Just some interesting aspects to the job.

Vault doors range from 7 to 22,000 lbs.

They offered a few to anyone willing to remove them, no one excepted. Lol.

Does anyone know what the last pic is?

I'll post more pics later.


----------



## PLUMB TIME (Feb 2, 2009)

Lift system to move coin/bullion.


----------



## ShtRnsdownhill (Jan 13, 2016)

COOL...if you had some time to move the vault doors they could be worth some coin just in scrap value, and more to someone building a vault room.....did they have the combos for the vaults or all time locks..?


----------



## 89plumbum (May 14, 2011)

PLUMB TIME said:


> Lift system to move coin/bullion.


How did you know...


----------



## 89plumbum (May 14, 2011)

ShtRnsdownhill said:


> COOL...if you had some time to move the vault doors they could be worth some coin just in scrap value, and more to someone building a vault room.....did they have the combos for the vaults or all time locks..?


For the smaller ones yes, but the big vault (you could literally play tennis inside) they warned everyone during orientation not to let the doors shut behind you, or else it might be awhile.... Word is the combos left with the last banker 20 years ago. Who knows?

3' reinforced concrete walls, ceiling and floors.


----------



## dhal22 (Jul 30, 2010)

89plumbum said:


> How did you know...


Yes.


----------



## 89plumbum (May 14, 2011)

...


----------



## chonkie (Jul 31, 2014)

Cool stuff, but based on the title, i was expecting to see you rolling around in a pile of cash with maybe a few of those dye packs exploded all over you.


----------



## 89plumbum (May 14, 2011)

Almost got drenched!


----------



## 89plumbum (May 14, 2011)

Starting some RDs. Can't take the credit, my crew's been kickin it hard!


----------



## ShtRnsdownhill (Jan 13, 2016)

on picture 4, wouldnt it have been easier and faster to drill a circle with a rotory hammer say an inch hole and then just chop to connect the dots than that big core drill
??? nice looking work!!!


----------



## 89plumbum (May 14, 2011)

My initial suggestion was to drill one 16" hole so I could reach the top band of the 90. The gc ( who was paying for coring) didn't want to take a chance on not having enough room so it was his call. As far as the rotary, 15" solid wall filled with rebar... And thanks


----------



## Tommy plumber (Feb 19, 2010)

Nice looking job Stan. Are you liking the climate up there in North Carolina? How is the little guy? He must be getting big.


----------



## wyrickmech (Mar 16, 2013)

Good looking work. Question on the wye branches why the full size wye with reducer? Was it a cost thing or a supply demand thing?


----------



## 89plumbum (May 14, 2011)

Tommy plumber said:


> Nice looking job Stan. Are you liking the climate up there in North Carolina? How is the little guy? He must be getting big.
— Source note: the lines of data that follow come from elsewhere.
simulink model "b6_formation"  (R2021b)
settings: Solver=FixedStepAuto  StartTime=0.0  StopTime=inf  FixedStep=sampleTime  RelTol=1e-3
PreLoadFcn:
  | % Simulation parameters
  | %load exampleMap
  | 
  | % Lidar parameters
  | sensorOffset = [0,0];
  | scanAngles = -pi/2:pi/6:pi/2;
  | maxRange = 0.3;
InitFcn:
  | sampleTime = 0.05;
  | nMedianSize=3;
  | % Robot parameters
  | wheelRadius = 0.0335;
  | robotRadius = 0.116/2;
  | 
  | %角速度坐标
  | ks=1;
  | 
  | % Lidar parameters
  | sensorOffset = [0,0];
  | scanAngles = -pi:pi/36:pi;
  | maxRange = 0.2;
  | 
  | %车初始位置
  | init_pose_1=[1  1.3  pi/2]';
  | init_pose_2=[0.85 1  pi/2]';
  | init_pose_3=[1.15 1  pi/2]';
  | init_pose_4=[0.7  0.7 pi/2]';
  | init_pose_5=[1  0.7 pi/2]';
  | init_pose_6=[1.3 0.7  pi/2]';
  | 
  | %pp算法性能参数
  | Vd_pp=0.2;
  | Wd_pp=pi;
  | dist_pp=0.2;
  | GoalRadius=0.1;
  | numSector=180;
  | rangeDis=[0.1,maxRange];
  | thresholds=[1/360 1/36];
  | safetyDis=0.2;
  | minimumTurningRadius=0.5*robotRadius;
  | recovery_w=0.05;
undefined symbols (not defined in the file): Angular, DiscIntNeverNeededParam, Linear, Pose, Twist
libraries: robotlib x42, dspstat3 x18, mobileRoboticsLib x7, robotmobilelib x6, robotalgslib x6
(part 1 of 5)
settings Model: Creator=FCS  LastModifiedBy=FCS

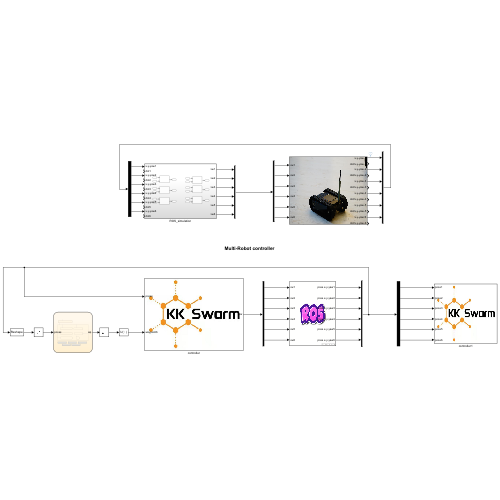
[thumbnail: Simulink's stored preview of the top-level diagram]
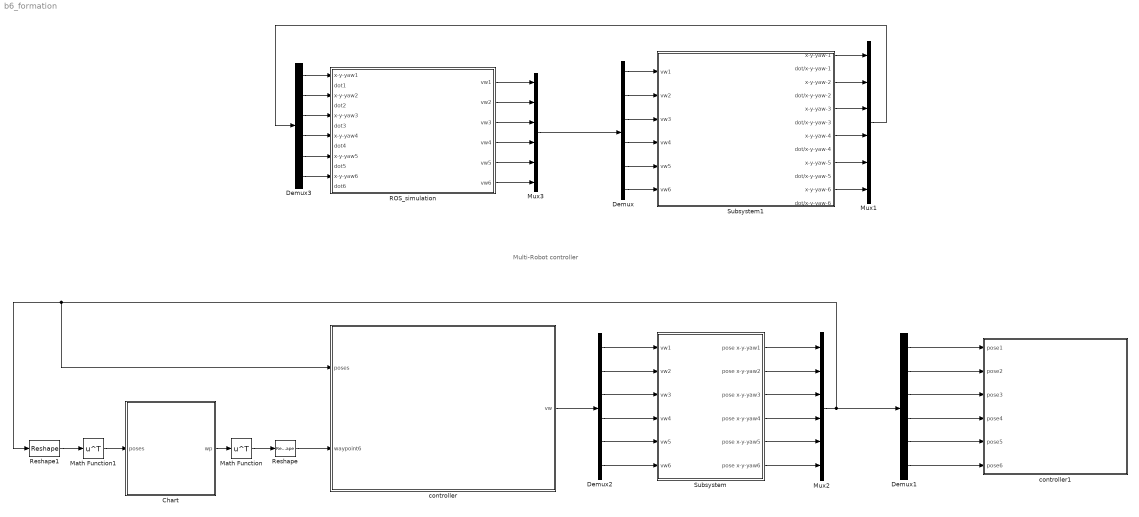
== system b6_formation ==
  note: Multi-Robot controller
  Chart : Stateflow chart  TreatAsAtomicUnit=on
  Demux{,1..3} (4 alike) : Demux  Outputs=6
  Math Function : Math  Operator=transpose  SaturateOnIntegerOverflow=on
  Math Function1 : Math  Operator=transpose  SaturateOnIntegerOverflow=on
  Mux1 : Mux  Inputs=6
  Mux2 : Mux  Inputs=6
  Mux3 : Mux  Inputs=6
  ROS_simulation : Subsystem
  Reshape : Reshape
  Reshape1 : Reshape  OutputDimensionality=Customize  OutputDimensions=[3,6]
  Subsystem : Subsystem
      mask Display: image('$imagefile'); % 使用工具条上的 "编辑图像" 进行更改。
  Subsystem1 : Subsystem
      mask Display: image('$imagefile'); % 使用工具条上的 "编辑图像" 进行更改。
  controller : Subsystem
      mask Display: image('$imagefile'); % 使用工具条上的 "编辑图像" 进行更改。
  controller1 : Subsystem
      mask Display: image('$imagefile'); % 使用工具条上的 "编辑图像" 进行更改。
  wires:
  Demux3/5 -> ROS_simulation/9(x-y-yaw5)
  Demux/3 -> Subsystem1/3(vw3)
  ROS_simulation/2(vw2) -> Mux3/2
  Demux3/1 -> ROS_simulation/1(x-y-yaw1)
  Subsystem1/9(x-y-yaw-5) -> Mux1/5
  Demux/2 -> Subsystem1/2(vw2)
  Demux/5 -> Subsystem1/5(vw5)
  Demux3/2 -> ROS_simulation/3(x-y-yaw2)
  Mux1/1 -> Demux3/1
  Subsystem1/1(x-y-yaw-1) -> Mux1/1
  ROS_simulation/5(vw5) -> Mux3/5
  Subsystem1/5(x-y-yaw-3) -> Mux1/3
  ROS_simulation/3(vw3) -> Mux3/3
  Subsystem1/7(x-y-yaw-4) -> Mux1/4
  Subsystem1/3(x-y-yaw-2) -> Mux1/2
  Demux3/4 -> ROS_simulation/7(x-y-yaw4)
  ROS_simulation/6(vw6) -> Mux3/6
  Demux/4 -> Subsystem1/4(vw4)
  ROS_simulation/4(vw4) -> Mux3/4
  Demux/1 -> Subsystem1/1(vw1)
  ROS_simulation/1(vw1) -> Mux3/1
  Subsystem1/11(x-y-yaw-6) -> Mux1/6
  Demux/6 -> Subsystem1/6(vw6)
  Mux3/1 -> Demux/1
  Demux3/3 -> ROS_simulation/5(x-y-yaw3)
  Demux3/6 -> ROS_simulation/11(x-y-yaw6)
  Subsystem/3(pose x-y-yaw3) -> Mux2/3
  Subsystem/6(pose x-y-yaw6) -> Mux2/6
  Subsystem/1(pose x-y-yaw1) -> Mux2/1
  Demux2/1 -> Subsystem/1(vw1)
  Demux2/2 -> Subsystem/2(vw2)
  Demux2/6 -> Subsystem/6(vw6)
  Demux2/4 -> Subsystem/4(vw4)
  Subsystem/4(pose x-y-yaw4) -> Mux2/4
  Demux2/3 -> Subsystem/3(vw3)
  Subsystem/2(pose x-y-yaw2) -> Mux2/2
  Subsystem/5(pose x-y-yaw5) -> Mux2/5
  Demux2/5 -> Subsystem/5(vw5)
  controller/1(vw) -> Demux2/1
  Chart/1(wp) -> Math Function/1
  Math Function/1 -> Reshape/1
  Reshape/1 -> controller/2(waypoint6)
  Reshape1/1 -> Math Function1/1
  Math Function1/1 -> Chart/1(poses)
  Mux2/1 -> Reshape1/1, controller/1(poses), Demux1/1
  Demux1/1 -> controller1/1(pose1)
  Demux1/2 -> controller1/2(pose2)
  Demux1/3 -> controller1/3(pose3)
  Demux1/4 -> controller1/4(pose4)
  Demux1/5 -> controller1/5(pose5)
  Demux1/6 -> controller1/6(pose6)

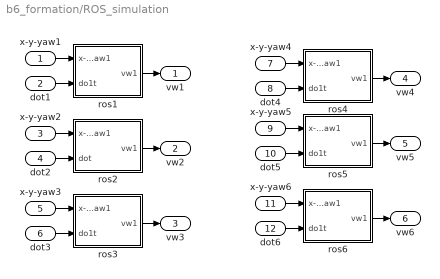
== system b6_formation/ROS_simulation ==
  x-y-yaw1 : Inport
  dot1 : Inport  Port=2
  x-y-yaw2 : Inport  Port=3
  dot2 : Inport  Port=4
  x-y-yaw3 : Inport  Port=5
  dot3 : Inport  Port=6
  x-y-yaw4 : Inport  Port=7
  dot4 : Inport  Port=8
  x-y-yaw5 : Inport  Port=9
  dot5 : Inport  Port=10
  x-y-yaw6 : Inport  Port=11
  dot6 : Inport  Port=12
  ros1 : Subsystem
  ros2 : Subsystem
  ros3 : Subsystem
  ros4 : Subsystem
  ros5 : Subsystem
  ros6 : Subsystem
  vw1 : Outport
  vw2 : Outport  Port=2
  vw3 : Outport  Port=3
  vw4 : Outport  Port=4
  vw5 : Outport  Port=5
  vw6 : Outport  Port=6
  wires:
  ros5/1(vw1) -> vw5/1
  ros2/1(vw1) -> vw2/1
  dot3/1 -> ros3/2(do1t)
  x-y-yaw5/1 -> ros5/1(x-y-yaw1)
  ros3/1(vw1) -> vw3/1
  dot2/1 -> ros2/2(dot)
  x-y-yaw2/1 -> ros2/1(x-y-yaw1)
  dot5/1 -> ros5/2(do1t)
  dot4/1 -> ros4/2(do1t)
  x-y-yaw4/1 -> ros4/1(x-y-yaw1)
  ros4/1(vw1) -> vw4/1
  x-y-yaw3/1 -> ros3/1(x-y-yaw1)
  dot6/1 -> ros6/2(do1t)
  x-y-yaw6/1 -> ros6/1(x-y-yaw1)
  dot1/1 -> ros1/2(do1t)
  ros6/1(vw1) -> vw6/1
  x-y-yaw1/1 -> ros1/1(x-y-yaw1)
  ros1/1(vw1) -> vw1/1

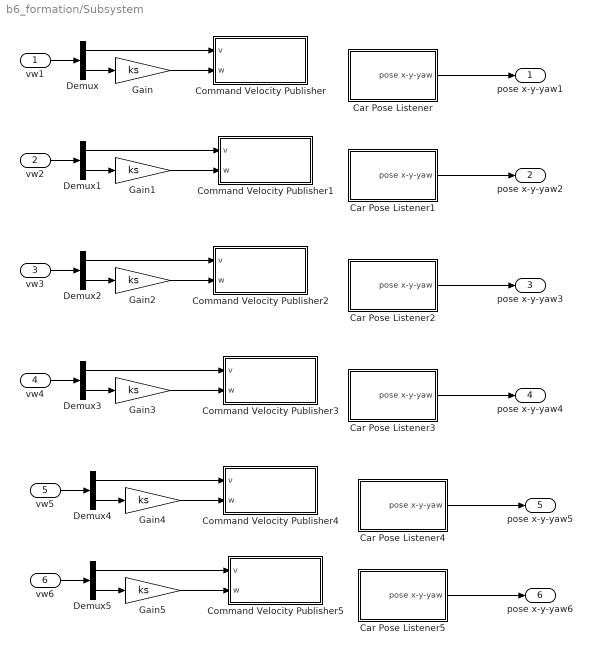
== system b6_formation/Subsystem ==
  vw1 : Inport
  vw2 : Inport  Port=2
  vw3 : Inport  Port=3
  vw4 : Inport  Port=4
  vw5 : Inport  Port=5
  vw6 : Inport  Port=6
  Car Pose Listener : Subsystem
  Car Pose Listener1 : Subsystem
  Car Pose Listener2 : Subsystem
  Car Pose Listener3 : Subsystem
  Car Pose Listener4 : Subsystem
  Car Pose Listener5 : Subsystem
  Command Velocity Publisher : Subsystem
  Command Velocity Publisher1 : Subsystem
  Command Velocity Publisher2 : Subsystem
  Command Velocity Publisher3 : Subsystem
  Command Velocity Publisher4 : Subsystem
  Command Velocity Publisher5 : Subsystem
  Demux{,1..5} (6 alike) : Demux  Outputs=2
  Gain{,1..5} (6 alike) : Gain  Gain=ks
  pose x-y-yaw1 : Outport
  pose x-y-yaw2 : Outport  Port=2
  pose x-y-yaw3 : Outport  Port=3
  pose x-y-yaw4 : Outport  Port=4
  pose x-y-yaw5 : Outport  Port=5
  pose x-y-yaw6 : Outport  Port=6
  wires:
  Gain/1 -> Command Velocity Publisher/2(w)
  Demux/2 -> Gain/1
  Car Pose Listener/1(pose x-y-yaw) -> pose x-y-yaw1/1
  Demux/1 -> Command Velocity Publisher/1(v)
  vw1/1 -> Demux/1
  Car Pose Listener1/1(pose x-y-yaw) -> pose x-y-yaw2/1
  Gain1/1 -> Command Velocity Publisher1/2(w)
  vw2/1 -> Demux1/1
  Demux1/2 -> Gain1/1
  Demux1/1 -> Command Velocity Publisher1/1(v)
  Car Pose Listener2/1(pose x-y-yaw) -> pose x-y-yaw3/1
  Gain2/1 -> Command Velocity Publisher2/2(w)
  vw3/1 -> Demux2/1
  Demux2/2 -> Gain2/1
  Demux2/1 -> Command Velocity Publisher2/1(v)
  Car Pose Listener3/1(pose x-y-yaw) -> pose x-y-yaw4/1
  Gain3/1 -> Command Velocity Publisher3/2(w)
  vw4/1 -> Demux3/1
  Demux3/2 -> Gain3/1
  Demux3/1 -> Command Velocity Publisher3/1(v)
  Car Pose Listener4/1(pose x-y-yaw) -> pose x-y-yaw5/1
  Gain4/1 -> Command Velocity Publisher4/2(w)
  vw5/1 -> Demux4/1
  Demux4/2 -> Gain4/1
  Car Pose Listener5/1(pose x-y-yaw) -> pose x-y-yaw6/1
  Gain5/1 -> Command Velocity Publisher5/2(w)
  vw6/1 -> Demux5/1
  Demux5/2 -> Gain5/1
  Demux5/1 -> Command Velocity Publisher5/1(v)
  Demux4/1 -> Command Velocity Publisher4/1(v)

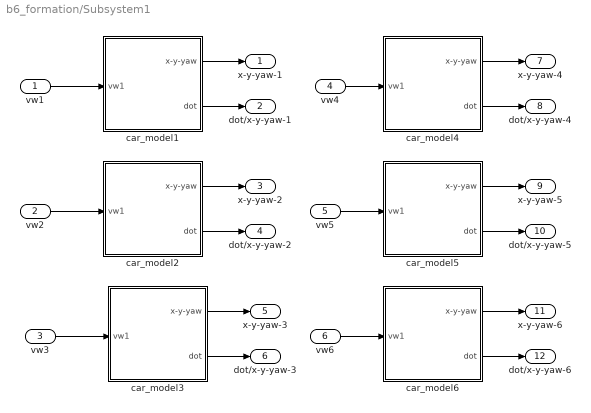
== system b6_formation/Subsystem1 ==
  vw1 : Inport
  vw2 : Inport  Port=2
  vw3 : Inport  Port=3
  vw4 : Inport  Port=4
  vw5 : Inport  Port=5
  vw6 : Inport  Port=6
  car_model1 : Subsystem
  car_model2 : Subsystem
  car_model3 : Subsystem
  car_model4 : Subsystem
  car_model5 : Subsystem
  car_model6 : Subsystem
  x-y-yaw-1 : Outport
  dot/x-y-yaw-1 : Outport  Port=2
  x-y-yaw-2 : Outport  Port=3
  dot/x-y-yaw-2 : Outport  Port=4
  x-y-yaw-3 : Outport  Port=5
  dot/x-y-yaw-3 : Outport  Port=6
  x-y-yaw-4 : Outport  Port=7
  dot/x-y-yaw-4 : Outport  Port=8
  x-y-yaw-5 : Outport  Port=9
  dot/x-y-yaw-5 : Outport  Port=10
  x-y-yaw-6 : Outport  Port=11
  dot/x-y-yaw-6 : Outport  Port=12
  wires:
  car_model1/1(x-y-yaw) -> x-y-yaw-1/1
  vw1/1 -> car_model1/1(vw1)
  car_model1/2(dot) -> dot/x-y-yaw-1/1
  car_model2/2(dot) -> dot/x-y-yaw-2/1
  vw2/1 -> car_model2/1(vw1)
  car_model2/1(x-y-yaw) -> x-y-yaw-2/1
  car_model3/1(x-y-yaw) -> x-y-yaw-3/1
  vw3/1 -> car_model3/1(vw1)
  car_model3/2(dot) -> dot/x-y-yaw-3/1
  car_model4/1(x-y-yaw) -> x-y-yaw-4/1
  vw4/1 -> car_model4/1(vw1)
  car_model4/2(dot) -> dot/x-y-yaw-4/1
  car_model5/1(x-y-yaw) -> x-y-yaw-5/1
  vw5/1 -> car_model5/1(vw1)
  car_model5/2(dot) -> dot/x-y-yaw-5/1
  car_model6/1(x-y-yaw) -> x-y-yaw-6/1
  vw6/1 -> car_model6/1(vw1)
  car_model6/2(dot) -> dot/x-y-yaw-6/1

== system b6_formation/controller ==
  poses : Inport
  waypoint6 : Inport  Port=2
  Car1 : Subsystem  mask{scanAngles=scanAngles, desired_v=Vd_pp, desired_w=Wd_pp, desired_lookahead=dist_pp, GoalRadius=GoalRadius, numSector=numSector, rangeDis=rangeDis, thresholds=thresholds, vehicleRadius=robotRadius, safetyDis=safetyDis, minimumTurningRadius=minimumTurningRadius, recovery_w=recovery_w}
      mask prompts: scanAngles "雷达扫描线角度"; desired_v "pp算法期望速度"; desired_w "pp算法期望角速度"; desired_lookahead "pp算法预瞄距离"; GoalRadius "到达目标的判定阈值"; numSector "直方图条柱数"; rangeDis "避障传感器距离范围"; thresholds "直方图障碍物占用空间阈值"; vehicleRadius "车辆半径"; safetyDis "车辆周边安全距离"; minimumTurningRadius "车辆的最少转弯半径"
  Car2 : Subsystem  mask{scanAngles=scanAngles, desired_v=Vd_pp, desired_w=Wd_pp, desired_lookahead=dist_pp, GoalRadius=GoalRadius, numSector=numSector, rangeDis=rangeDis, thresholds=thresholds, vehicleRadius=robotRadius, safetyDis=safetyDis, minimumTurningRadius=minimumTurningRadius, recovery_w=recovery_w}
      mask prompts: scanAngles "雷达扫描线角度"; desired_v "pp算法期望速度"; desired_w "pp算法期望角速度"; desired_lookahead "pp算法预瞄距离"; GoalRadius "到达目标的判定阈值"; numSector "直方图条柱数"; rangeDis "避障传感器距离范围"; thresholds "直方图障碍物占用空间阈值"; vehicleRadius "车辆半径"; safetyDis "车辆周边安全距离"; minimumTurningRadius "车辆的最少转弯半径"
  Car3 : Subsystem  mask{scanAngles=scanAngles, desired_v=Vd_pp, desired_w=Wd_pp, desired_lookahead=dist_pp, GoalRadius=GoalRadius, numSector=numSector, rangeDis=rangeDis, thresholds=thresholds, vehicleRadius=robotRadius, safetyDis=safetyDis, minimumTurningRadius=minimumTurningRadius, recovery_w=recovery_w}
      mask prompts: scanAngles "雷达扫描线角度"; desired_v "pp算法期望速度"; desired_w "pp算法期望角速度"; desired_lookahead "pp算法预瞄距离"; GoalRadius "到达目标的判定阈值"; numSector "直方图条柱数"; rangeDis "避障传感器距离范围"; thresholds "直方图障碍物占用空间阈值"; vehicleRadius "车辆半径"; safetyDis "车辆周边安全距离"; minimumTurningRadius "车辆的最少转弯半径"
  Car4 : Subsystem  mask{scanAngles=scanAngles, desired_v=Vd_pp, desired_w=Wd_pp, desired_lookahead=dist_pp, GoalRadius=GoalRadius, numSector=numSector, rangeDis=rangeDis, thresholds=thresholds, vehicleRadius=robotRadius, safetyDis=safetyDis, minimumTurningRadius=minimumTurningRadius, recovery_w=recovery_w}
      mask prompts: scanAngles "雷达扫描线角度"; desired_v "pp算法期望速度"; desired_w "pp算法期望角速度"; desired_lookahead "pp算法预瞄距离"; GoalRadius "到达目标的判定阈值"; numSector "直方图条柱数"; rangeDis "避障传感器距离范围"; thresholds "直方图障碍物占用空间阈值"; vehicleRadius "车辆半径"; safetyDis "车辆周边安全距离"; minimumTurningRadius "车辆的最少转弯半径"
  Car5 : Subsystem  mask{scanAngles=scanAngles, desired_v=Vd_pp, desired_w=Wd_pp, desired_lookahead=dist_pp, GoalRadius=GoalRadius, numSector=numSector, rangeDis=rangeDis, thresholds=thresholds, vehicleRadius=robotRadius, safetyDis=safetyDis, minimumTurningRadius=minimumTurningRadius, recovery_w=recovery_w}
      mask prompts: scanAngles "雷达扫描线角度"; desired_v "pp算法期望速度"; desired_w "pp算法期望角速度"; desired_lookahead "pp算法预瞄距离"; GoalRadius "到达目标的判定阈值"; numSector "直方图条柱数"; rangeDis "避障传感器距离范围"; thresholds "直方图障碍物占用空间阈值"; vehicleRadius "车辆半径"; safetyDis "车辆周边安全距离"; minimumTurningRadius "车辆的最少转弯半径"
  Car6 : Subsystem  mask{scanAngles=scanAngles, desired_v=Vd_pp, desired_w=Wd_pp, desired_lookahead=dist_pp, GoalRadius=GoalRadius, numSector=numSector, rangeDis=rangeDis, thresholds=thresholds, vehicleRadius=robotRadius, safetyDis=safetyDis, minimumTurningRadius=minimumTurningRadius, recovery_w=recovery_w}
      mask prompts: scanAngles "雷达扫描线角度"; desired_v "pp算法期望速度"; desired_w "pp算法期望角速度"; desired_lookahead "pp算法预瞄距离"; GoalRadius "到达目标的判定阈值"; numSector "直方图条柱数"; rangeDis "避障传感器距离范围"; thresholds "直方图障碍物占用空间阈值"; vehicleRadius "车辆半径"; safetyDis "车辆周边安全距离"; minimumTurningRadius "车辆的最少转弯半径"
  Demux : Demux  Outputs=6
  Demux1 : Demux  Outputs=6
  Mux : Mux  Inputs=6
  controller1 : Subsystem
      mask Display: image('$imagefile'); % 使用工具条上的 "编辑图像" 进行更改。
  vw : Outport
  wires:
  waypoint6/1 -> Demux1/1
  Mux/1 -> vw/1
  Car1/1(Out1) -> Mux/1
  poses/1 -> controller1/1(poses), Demux/1
  Car2/1(Out1) -> Mux/2
  Car6/1(Out1) -> Mux/6
  Car5/1(Out1) -> Mux/5
  Car4/1(Out1) -> Mux/4
  Car3/1(Out1) -> Mux/3
  Demux/1 -> Car1/2(Pose)
  Demux/2 -> Car2/2(Pose)
  Demux/3 -> Car3/2(Pose)
  Demux/4 -> Car4/2(Pose)
  Demux/5 -> Car5/2(Pose)
  Demux/6 -> Car6/2(Pose)
  Demux1/1 -> Car1/3(WayPoints)
  Demux1/2 -> Car2/3(WayPoints)
  Demux1/3 -> Car3/3(WayPoints)
  Demux1/4 -> Car4/3(WayPoints)
  Demux1/5 -> Car5/3(WayPoints)
  Demux1/6 -> Car6/3(WayPoints)
  controller1/1(Lidar1) -> Car1/1(Ranges)
  controller1/2(Lidar2) -> Car2/1(Ranges)
  controller1/3(Lidar3) -> Car3/1(Ranges)
  controller1/4(Lidar4) -> Car4/1(Ranges)
  controller1/5(Lidar5) -> Car5/1(Ranges)
  controller1/6(Lidar6) -> Car6/1(Ranges)

== system b6_formation/controller1 ==
  pose1 : Inport
  pose2 : Inport  Port=2
  pose3 : Inport  Port=3
  pose4 : Inport  Port=4
  pose5 : Inport  Port=5
  pose6 : Inport  Port=6
  Constant3 : Constant  Value="[0,0; 2,0;  2,2;  0,2]"
  Visualize Robot 1 : mobileRoboticsLib/Environments/Multi-Robot Visualizer  idx=1  radius=robotRadius  robotColor=[0 0 1]  showTraj=off  hasLidar=off  sensorOffset=sensorOffset  scanAngles=scanAngles  maxNumScans=0  hasObjDetector=off  objDetectorOffset=[0,0]  objDetectorAngle=0  objDetectorFOV=pi/2  objDetectorMaxRange=5  hasRobotDetector=off  robotDetectorOffset=[0,0]  robotDetectorAngle=0  robotDetectorFOV=pi/3  robotDetectorMaxRange=5  robotDetectorNumDetections=0
      settings: SourceProductName=Mobile Robotics Simulation Toolbox
  Visualize Robot 2 : mobileRoboticsLib/Environments/Multi-Robot Visualizer  idx=2  radius=robotRadius  robotColor=[0 1 0]  showTraj=on  hasLidar=off  sensorOffset=sensorOffset  scanAngles=scanAngles  maxNumScans=0  hasObjDetector=off  objDetectorOffset=[0,0]  objDetectorAngle=0  objDetectorFOV=pi/2  objDetectorMaxRange=5  hasRobotDetector=off  robotDetectorOffset=[0,0]  robotDetectorAngle=0  robotDetectorFOV=pi/3  robotDetectorMaxRange=5  robotDetectorNumDetections=0
      settings: SourceProductName=Mobile Robotics Simulation Toolbox
  Visualize Robot 3 : mobileRoboticsLib/Environments/Multi-Robot Visualizer  idx=3  radius=robotRadius  robotColor=[0 1 0]  showTraj=off  hasLidar=off  sensorOffset=sensorOffset  scanAngles=scanAngles  maxNumScans=0  hasObjDetector=off  objDetectorOffset=[0,0]  objDetectorAngle=0  objDetectorFOV=pi/2  objDetectorMaxRange=5  hasRobotDetector=off  robotDetectorOffset=[0,0]  robotDetectorAngle=0  robotDetectorFOV=pi/3  robotDetectorMaxRange=5  robotDetectorNumDetections=0
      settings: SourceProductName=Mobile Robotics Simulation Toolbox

 I can't complain, it's going pretty well. Little ones are doing well. My oldest boy moved up with his wife a few months ago. Stop on by if your ever passing though.


----------



## 89plumbum (May 14, 2011)

wyrickmech said:


> Good looking work. Question on the wye branches why the full size wye with reducer? Was it a cost thing or a supply demand thing?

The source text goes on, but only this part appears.